I say cut it. I perfer boys without, but thats MO. You can cut his face in a teddy bear cut to frame nicely, and it will look nice and neat.


----------



## PreciousPrince (Feb 27, 2006)

I don't think you should base it on other people thinking he's a girl. A lot of times I don't even correct people when they call Perri a girl. People have even said "she" when he was in a blue bow, blue coat, in a blue stroller with a blue blanket. They're a beautiful breed so people automatically assume they are girls. Even without a topknot, if you're going to keep his hair longer he will probably still be called a girl anyway.
Now the eye irritation - from the pics it looks like the topknot has not grown out all the way, thus the little wisps hanging in his eyes.
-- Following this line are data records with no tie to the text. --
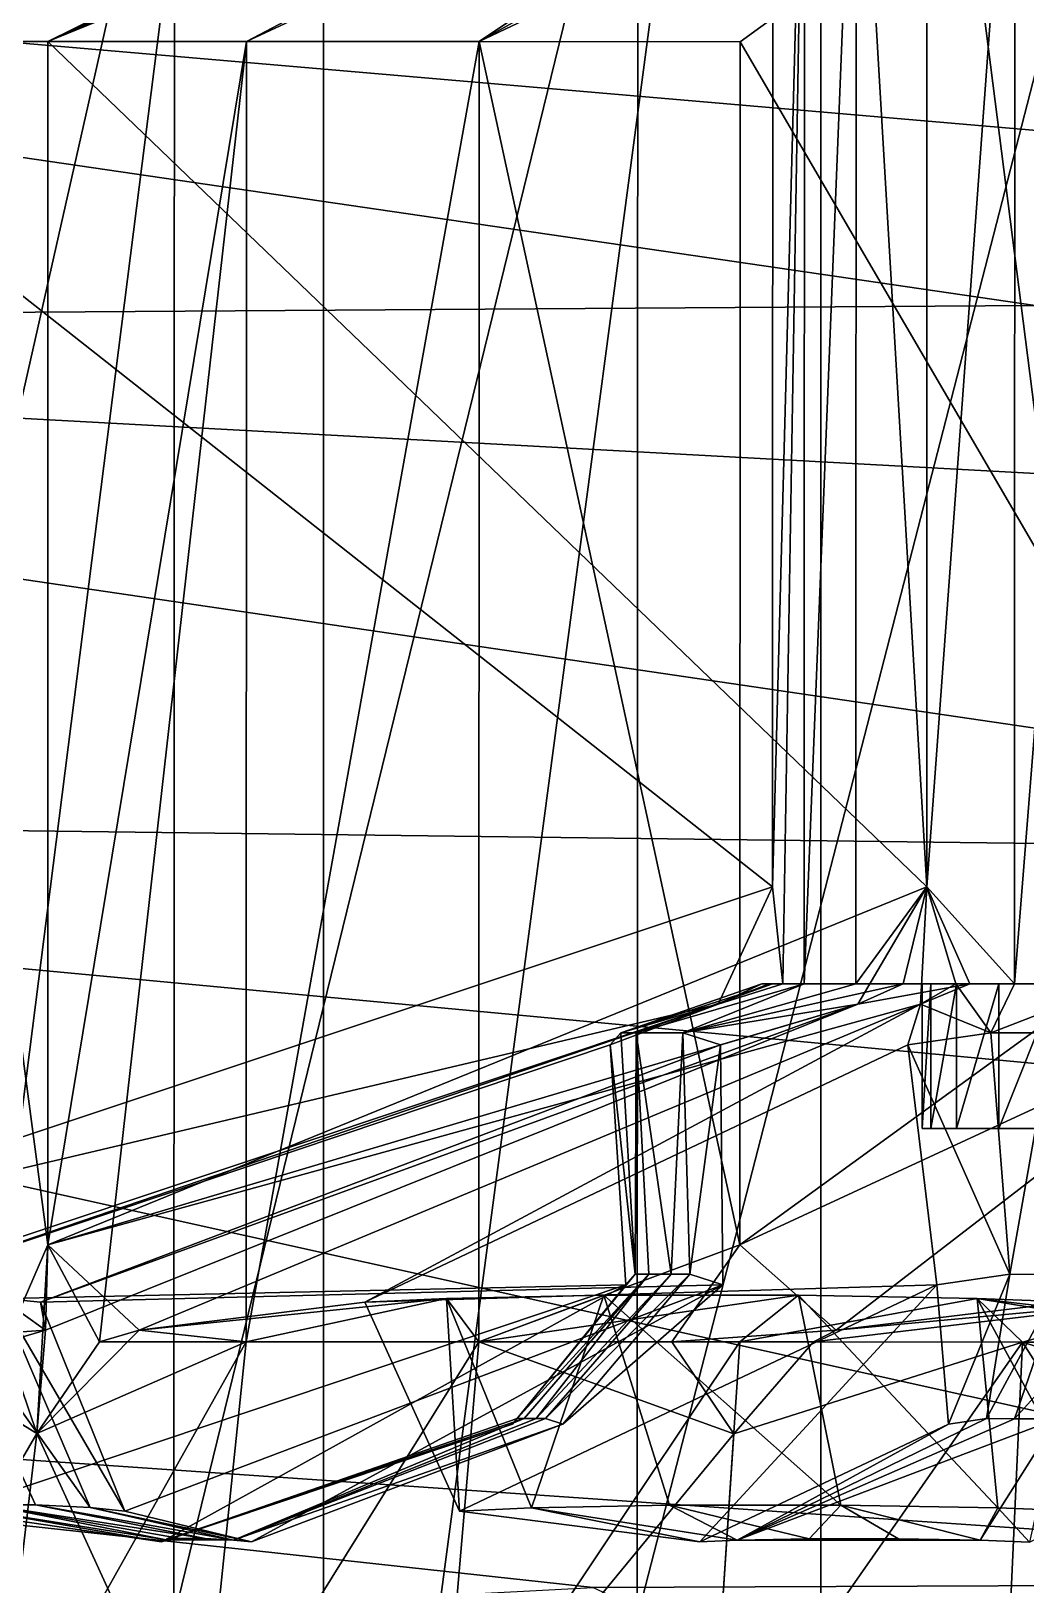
# Model space of a CAD drawing. Header units: metres. Extents: x -7 to 7, y -2.9 to 2.9.
# Drawn here: x -3.948 to -3.618, y -2.417 to -1.902 of the extents above; entities that cross this region are included whole.
import ezdxf

# ---------------------------------------------------------------- set-up
doc = ezdxf.new("R2010")
doc.units = ezdxf.units.M

msp = doc.modelspace()

# ---------------------------------------------------------------- linework, layer by layer
for points in [[(-3.85054, -1.47092, -0.014806), (-4.00632, -2.69923, -0.07487), (-4.00632, -1.47091, -0.074506)], [(-4.00632, -2.69923, -0.07487), (-3.85054, -1.47092, -0.014806), (-3.85054, -2.71446, -0.015175)], [(-3.68563, -1.47094, 0.030494), (-3.85054, -2.71446, -0.015175), (-3.85054, -1.47092, -0.014806)], [(-3.85054, -2.71446, -0.015175), (-3.68563, -1.47094, 0.030494), (-3.68563, -2.7297, 0.030121)], [(-3.68563, -2.7297, 0.030121), (-3.68563, -1.47094, 0.030494), (-3.52531, -2.72941, 0.057321)], [(-3.52531, -2.72941, 0.057321), (-3.68563, -1.47094, 0.030494), (-3.52531, -1.47095, 0.057694)], [(-3.70154, -1.78627, -1.07856), (-4.05744, -1.90502, -1.02219), (-3.70164, -2.1855, -1.07856)], [(-3.70154, -1.78627, -1.07856), (-3.99493, -1.90504, -0.829794), (-4.05744, -1.90502, -1.02219)], [(-3.70154, -1.78627, -1.07856), (-3.94191, -1.90506, -0.743281), (-3.99493, -1.90504, -0.829794)], [(-3.94191, -1.90506, -0.743281), (-3.70154, -1.78627, -1.07856), (-3.69105, -1.78628, -1.03487)], [(-3.94191, -1.90506, -0.743281), (-3.67386, -1.78628, -0.993368), (-3.65039, -1.78629, -0.955063)], [(-3.94191, -1.90506, -0.743281), (-3.69105, -1.78628, -1.03487), (-3.67386, -1.78628, -0.993368)], [(-3.87602, -1.90508, -1.58056), (-3.65039, -1.78629, -1.29163), (-3.94191, -1.90506, -1.50341)], [(-3.65049, -2.18552, -0.955063), (-3.94191, -1.90506, -0.743281), (-3.65039, -1.78629, -0.955063)], [(-3.65049, -2.18552, -1.29163), (-3.94191, -1.90506, -1.50341), (-3.65039, -1.78629, -1.29163)], [(-3.87602, -1.90508, -1.58056), (-3.62121, -1.7863, -1.32579), (-3.65039, -1.78629, -1.29163)], [(-3.79886, -1.90511, -1.64646), (-3.62121, -1.7863, -1.32579), (-3.87602, -1.90508, -1.58056)], [(-3.79886, -1.90511, -1.64646), (-3.58705, -1.78631, -1.35496), (-3.62121, -1.7863, -1.32579)], [(-3.58705, -1.78631, -1.35496), (-3.79886, -1.90511, -1.64646), (-3.54875, -1.78633, -1.37844)], [(-3.54875, -1.78633, -1.37844), (-3.79886, -1.90511, -1.64646), (-3.71235, -1.90514, -1.69947)], [(-3.54875, -1.78633, -1.37844), (-3.71235, -1.90514, -1.69947), (-3.54885, -2.18556, -1.37844)], [(-3.70164, -2.1855, -1.07856), (-3.69105, -1.78628, -1.03487), (-3.70154, -1.78627, -1.07856)], [(-3.69105, -1.78628, -1.03487), (-3.70164, -2.1855, -1.07856), (-3.69816, -2.21767, -1.064)], [(-3.69105, -1.78628, -1.03487), (-3.69816, -2.21767, -1.064), (-3.69116, -2.21767, -1.03487)], [(-3.67386, -1.78628, -0.993368), (-3.69116, -2.21767, -1.03487), (-3.67397, -2.21768, -0.993368)], [(-3.69116, -2.21767, -1.03487), (-3.67386, -1.78628, -0.993368), (-3.69105, -1.78628, -1.03487)], [(-3.65049, -2.18552, -0.955063), (-3.67386, -1.78628, -0.993368), (-3.67397, -2.21768, -0.993368)], [(-3.67386, -1.78628, -0.993368), (-3.65049, -2.18552, -0.955063), (-3.65039, -1.78629, -0.955063)], [(-3.62121, -1.7863, -1.32579), (-3.65049, -2.18552, -1.29163), (-3.65039, -1.78629, -1.29163)], [(-3.65049, -2.18552, -1.29163), (-3.62121, -1.7863, -1.32579), (-3.62132, -2.2177, -1.32579)], [(-3.62121, -1.7863, -1.32579), (-3.58705, -1.78631, -1.35496), (-3.62132, -2.2177, -1.32579)], [(-3.62132, -2.2177, -1.32579), (-3.58705, -1.78631, -1.35496), (-3.58716, -2.21771, -1.35496)], [(-3.9, -1.79908, -2.06781), (-4.04198, -2.42805, -1.9809), (-4.04182, -1.79903, -1.9809)], [(-4.04198, -2.42805, -0.265787), (-3.9, -1.79908, -0.178878), (-4.04182, -1.79903, -0.265787)], [(-4.04198, -2.42805, -1.9809), (-3.9, -1.79908, -2.06781), (-3.90016, -2.4281, -2.06781)], [(-3.90016, -2.4281, -0.178878), (-3.9, -1.79908, -0.178878), (-4.04198, -2.42805, -0.265787)], [(-3.74633, -1.79913, -2.13146), (-3.90016, -2.4281, -2.06781), (-3.9, -1.79908, -2.06781)], [(-3.90016, -2.4281, -0.178878), (-3.74633, -1.79913, -0.115225), (-3.9, -1.79908, -0.178878)], [(-3.90016, -2.4281, -2.06781), (-3.74633, -1.79913, -2.13146), (-3.74649, -2.42815, -2.13146)], [(-3.74649, -2.42815, -0.115225), (-3.74633, -1.79913, -0.115225), (-3.90016, -2.4281, -0.178878)], [(-3.58459, -1.79919, -2.17029), (-3.74649, -2.42815, -2.13146), (-3.74633, -1.79913, -2.13146)], [(-3.74649, -2.42815, -0.115225), (-3.58459, -1.79919, -0.076395), (-3.74633, -1.79913, -0.115225)], [(-3.74649, -2.42815, -2.13146), (-3.58459, -1.79919, -2.17029), (-3.58475, -2.42821, -2.17029)], [(-3.58475, -2.42821, -0.076395), (-3.58459, -1.79919, -0.076395), (-3.74649, -2.42815, -0.115225)], [(-4.58106, -1.85125, 0.670381), (-3.61452, -1.99267, 0.91034), (-3.54596, -1.94045, 1.05535)], [(-4.58106, -1.85125, 0.670381), (-3.54596, -1.94045, 1.05535), (-3.29249, -1.89821, 1.23537)], [(-3.61452, -1.99267, 0.91034), (-4.58106, -1.85125, 0.670381), (-4.52664, -1.9988, 0.520337)], [(-3.70164, -2.1855, -1.07856), (-4.05744, -1.90502, -1.02219), (-4.05754, -2.30425, -1.02219)], [(-3.99493, -1.90504, -0.829794), (-3.94201, -2.30429, -0.743281), (-3.95587, -2.33645, -0.765876)], [(-3.94201, -2.30429, -0.743281), (-3.99493, -1.90504, -0.829794), (-3.94191, -1.90506, -0.743281)], [(-3.94191, -1.90506, -0.743281), (-3.65049, -2.18552, -0.955063), (-3.94201, -2.30429, -0.743281)], [(-3.94191, -1.90506, -1.50341), (-3.65049, -2.18552, -1.29163), (-3.94201, -2.30429, -1.50341)], [(-3.94201, -2.30429, -1.50341), (-3.87602, -1.90508, -1.58056), (-3.94191, -1.90506, -1.50341)], [(-3.87602, -1.90508, -1.58056), (-3.94201, -2.30429, -1.50341), (-3.92481, -2.33646, -1.52356)], [(-3.87602, -1.90508, -1.58056), (-3.92481, -2.33646, -1.52356), (-3.87613, -2.33648, -1.58056)], [(-3.87613, -2.33648, -1.58056), (-3.79886, -1.90511, -1.64646), (-3.87602, -1.90508, -1.58056)], [(-3.79886, -1.90511, -1.64646), (-3.87613, -2.33648, -1.58056), (-3.79897, -2.33651, -1.64646)], [(-3.71245, -2.30437, -1.69947), (-3.79886, -1.90511, -1.64646), (-3.79897, -2.33651, -1.64646)], [(-3.79886, -1.90511, -1.64646), (-3.71245, -2.30437, -1.69947), (-3.71235, -1.90514, -1.69947)], [(-3.54885, -2.18556, -1.37844), (-3.71235, -1.90514, -1.69947), (-3.71245, -2.30437, -1.69947)], [(-4.52664, -1.9988, 0.520337), (-3.53916, -2.05246, 0.840322), (-3.61452, -1.99267, 0.91034)], [(-4.52664, -1.9988, 0.520337), (-4.51336, -2.15992, 0.425289), (-3.33045, -2.17466, 0.685286)], [(-4.52664, -1.9988, 0.520337), (-3.33045, -2.17466, 0.685286), (-3.53916, -2.05246, 0.840322)], [(-4.51336, -2.15992, 0.425289), (-3.35804, -2.41632, 0.505213), (-3.34447, -2.26949, 0.605257)], [(-3.35804, -2.41632, 0.505213), (-4.51336, -2.15992, 0.425289), (-4.49527, -2.3381, 0.325237)], [(-3.33045, -2.17466, 0.685286), (-4.51336, -2.15992, 0.425289), (-3.34447, -2.26949, 0.605257)], [(-3.70164, -2.1855, -1.07856), (-4.05754, -2.30425, -1.02219), (-3.71959, -2.22442, -1.09356)], [(-3.67329, -2.22444, -1.2864), (-3.94201, -2.30429, -1.50341), (-3.65049, -2.18552, -1.29163)], [(-3.65257, -2.22445, -0.931772), (-3.94201, -2.30429, -0.743281), (-3.65049, -2.18552, -0.955063)], [(-3.69816, -2.21767, -1.064), (-3.70164, -2.1855, -1.07856), (-3.71959, -2.22442, -1.09356)], [(-3.54885, -2.18556, -1.37844), (-3.71245, -2.30437, -1.69947), (-3.54013, -2.22449, -1.40013)], [(-3.65049, -2.18552, -0.955063), (-3.67397, -2.21768, -0.993368), (-3.65832, -2.21768, -0.96783)], [(-3.63616, -2.21769, -1.28121), (-3.67329, -2.22444, -1.2864), (-3.65049, -2.18552, -1.29163)], [(-3.63616, -2.21769, -0.965478), (-3.65049, -2.18552, -0.955063), (-3.65832, -2.21768, -0.96783)], [(-3.63616, -2.21769, -0.965478), (-3.65257, -2.22445, -0.931772), (-3.65049, -2.18552, -0.955063)], [(-3.65049, -2.18552, -1.29163), (-3.62132, -2.2177, -1.32579), (-3.64077, -2.21769, -1.30301)], [(-3.63616, -2.21769, -1.28121), (-3.65049, -2.18552, -1.29163), (-3.64077, -2.21769, -1.30301)], [(-3.71959, -2.22442, -1.09356), (-3.75197, -2.23393, -1.15741), (-3.70518, -2.21767, -1.12334)], [(-3.75197, -2.23393, -1.15741), (-3.70165, -2.21767, -1.16813), (-3.70518, -2.21767, -1.12334)], [(-3.70165, -2.21767, -1.16813), (-3.75197, -2.23393, -1.15741), (-3.74682, -2.23399, -1.1842)], [(-3.74682, -2.23399, -1.1842), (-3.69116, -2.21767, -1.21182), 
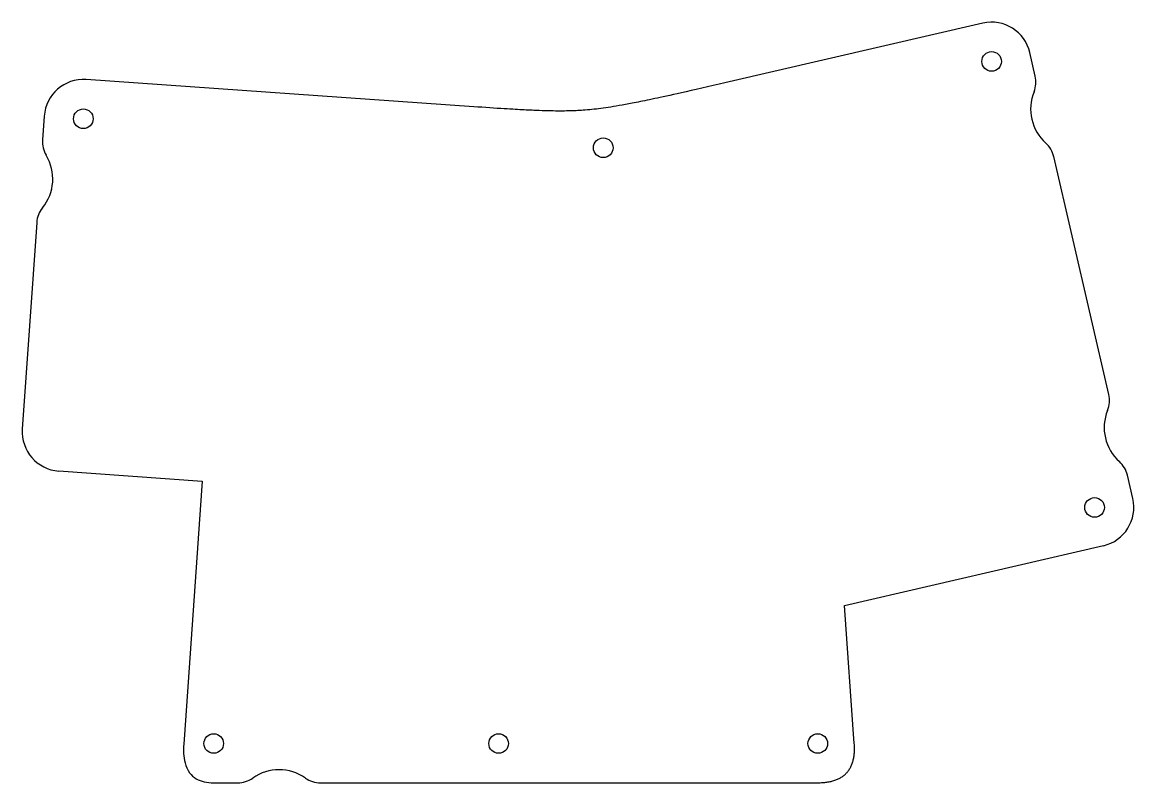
# Model space of a CAD drawing. Header units: millimetres. Extents: x -92 to 78, y -49 to 67.
import ezdxf

# ---------------------------------------------------------------- set-up
doc = ezdxf.new("R2010")
doc.units = ezdxf.units.MM
doc.layers.get('0').update_dxf_attribs({"linetype": 'CONTINUOUS'})

msp = doc.modelspace()

# ---------------------------------------------------------------- linework, layer by layer
for p, q in [((54.59, 67.15), (15.13, 58.04)), ((62.62, 59.08), (61.79, 62.66)), ((-23.28, 54.38), (-82.63, 58.53)), ((-89.04, 52.96), (-89.29, 49.3)), ((73.86, 10.36), (65.46, 46.75)), ((-90.18, 36.68), (-92.39, 5.08)), ((-86.82, -1.32), (-64.87, -2.86)), ((-64.87, -2.86), (-67.69, -43.08)), ((77.54, -5.55), (76.71, -1.97)), ((33.45, -21.89), (73.04, -12.74)), ((34.93, -43.01), (33.45, -21.89)), ((-63.1, -49), (-59.43, -49)), ((-46.78, -49), (29.34, -49))]:
    msp.add_line(p, q)
for centre in [(55.94, 61.31), (-83.05, 52.55), (-3.49, 48.11), (71.69, -6.9), (-63.1, -43), (-19.5, -43), (29.34, -43)]:
    msp.add_circle(centre, 1.5)
for centre, radius, start, end in [((55.94, 61.31), 6, 13, 103), ((-83.05, 52.55), 6, 86, 176), ((58.72, 58.18), 4, -22.0968, 13), ((68.91, 54.04), 7, 157.9032, 228.0968), ((-85.3, 49.02), 4, 176, 211.0968), ((61.56, 45.85), 4, 13, 48.0968), ((-94.72, 43.34), 7, -39.0968, 31.0968), ((-86.19, 36.4), 4, 140.9032, 176), ((69.97, 9.46), 4, -22.0968, 13), ((80.16, 5.32), 7, 157.9032, 228.0968), ((-86.4, 4.66), 6, 176, 266), ((72.81, -2.87), 4, 13, 48.0968), ((71.69, -6.9), 6, -77, 13), ((-53.1, -54), 7, 54.9032, 125.0968), ((-59.43, -45), 4, 270, 305.0968), ((-46.78, -45), 4, 234.9032, 270)]:
    msp.add_arc(centre, radius, start, end)
msp.add_rational_spline([(15.13, 58.04), (-5.97, 53.17), (-23.28, 54.38)], [1, 3, 1], degree=2)
msp.add_open_spline([(-67.69, -43.08), (-67.75, -44.02), (-67.73, -45.03), (-67.35, -46.49), (-67.13, -47.01), (-66.51, -47.84), (-66.17, -48.14), (-65.4, -48.6), (-64.99, -48.75), (-64.1, -48.96), (-63.59, -49), (-63.1, -49)], degree=3, knots=[0, 0, 0, 0, 0.2817157, 0.2817157, 0.4508986, 0.4508986, 0.5902628, 0.5902628, 0.7187582, 0.7187582, 0.8663558, 0.8663558, 0.8663558, 0.8663558])
msp.add_open_spline([(29.34, -49), (35.34, -49), (34.93, -43.01)], degree=2)

doc.saveas('drawing.dxf')

While it should be addressed by using those little bendy clips (they make them in really tiny sizes) or by making a topknot lower so as to incorporate those pieces into it, remember that that's only temporary until they grow out.


----------



## MissMelanie (Feb 13, 2006)

We hear that all the time... "oh you have a bow in your dog's hair, what a cute girl she is" and sometimes that is even AFTER they ask what my dog's name is and I tell them *MR* Wookie.

Some people will always think a small white dog is a girl... you can't break that.

If you want him to have a top knot, keep it. If not, cut it. 

enJOY!
Melanie


----------



## mom2bijou (Oct 19, 2006)

It's tough...so many people mistake male maltese for females. I went thru this w/Benny when he was a baby. I got him some cute bows and clips w/footballs and boy things on them. Once I got Emma though I decided to get rid of Benny's topknot and just put Emma in bows. Well...of course Emma ends up being a tomboy so putting bows in her hair is a different story LOL. But....all I can suggest is if you can find bows w/boyish things on them that may help others realize he's a boy. But really....it doesn't matter what you do or what people think. Maltese are beautiful and known for their topknots. If you decide to cut it...it's just hair...you can always grow it back. Ollie could be shaved and still be cute! He's a cutie for sure! :wub: :wub:


----------



## luvmyfurbaby (Feb 11, 2007)

Well at least they don't ask your if he is the Mommy to the two smaller ones......poor Cody they always confuse him and think he is the Mom to Mia & KCee. :huh:


----------



## CandicePK (Nov 11, 2004)

Well we stopped doing top-knots in this house a while ago  I will tell you that I had my Daphne with me (again no top-knot) and dressed in *pink* at a craft fair. One woman called her a boy, there were several references to "he" by others, and another who asked if she was a boy or girl. :HistericalSmiley: Ironically this was all women - the men seemed to realize she was a girl and commented on the pink outfit. 

Honestly I don't think it's the top knot - just people who are clueless.


----------



## The A Team (Dec 1, 2005)

I think it's a personal preference..yours AND Ollie's. If you think hair is getting into his eyes and irritating them, maybe you would want to cut it short. Does it seem to bother him? Do you like the way he looks with one?

Personally, I like Abbey with a top knot.....and Arch without one. no real reason, just because.


----------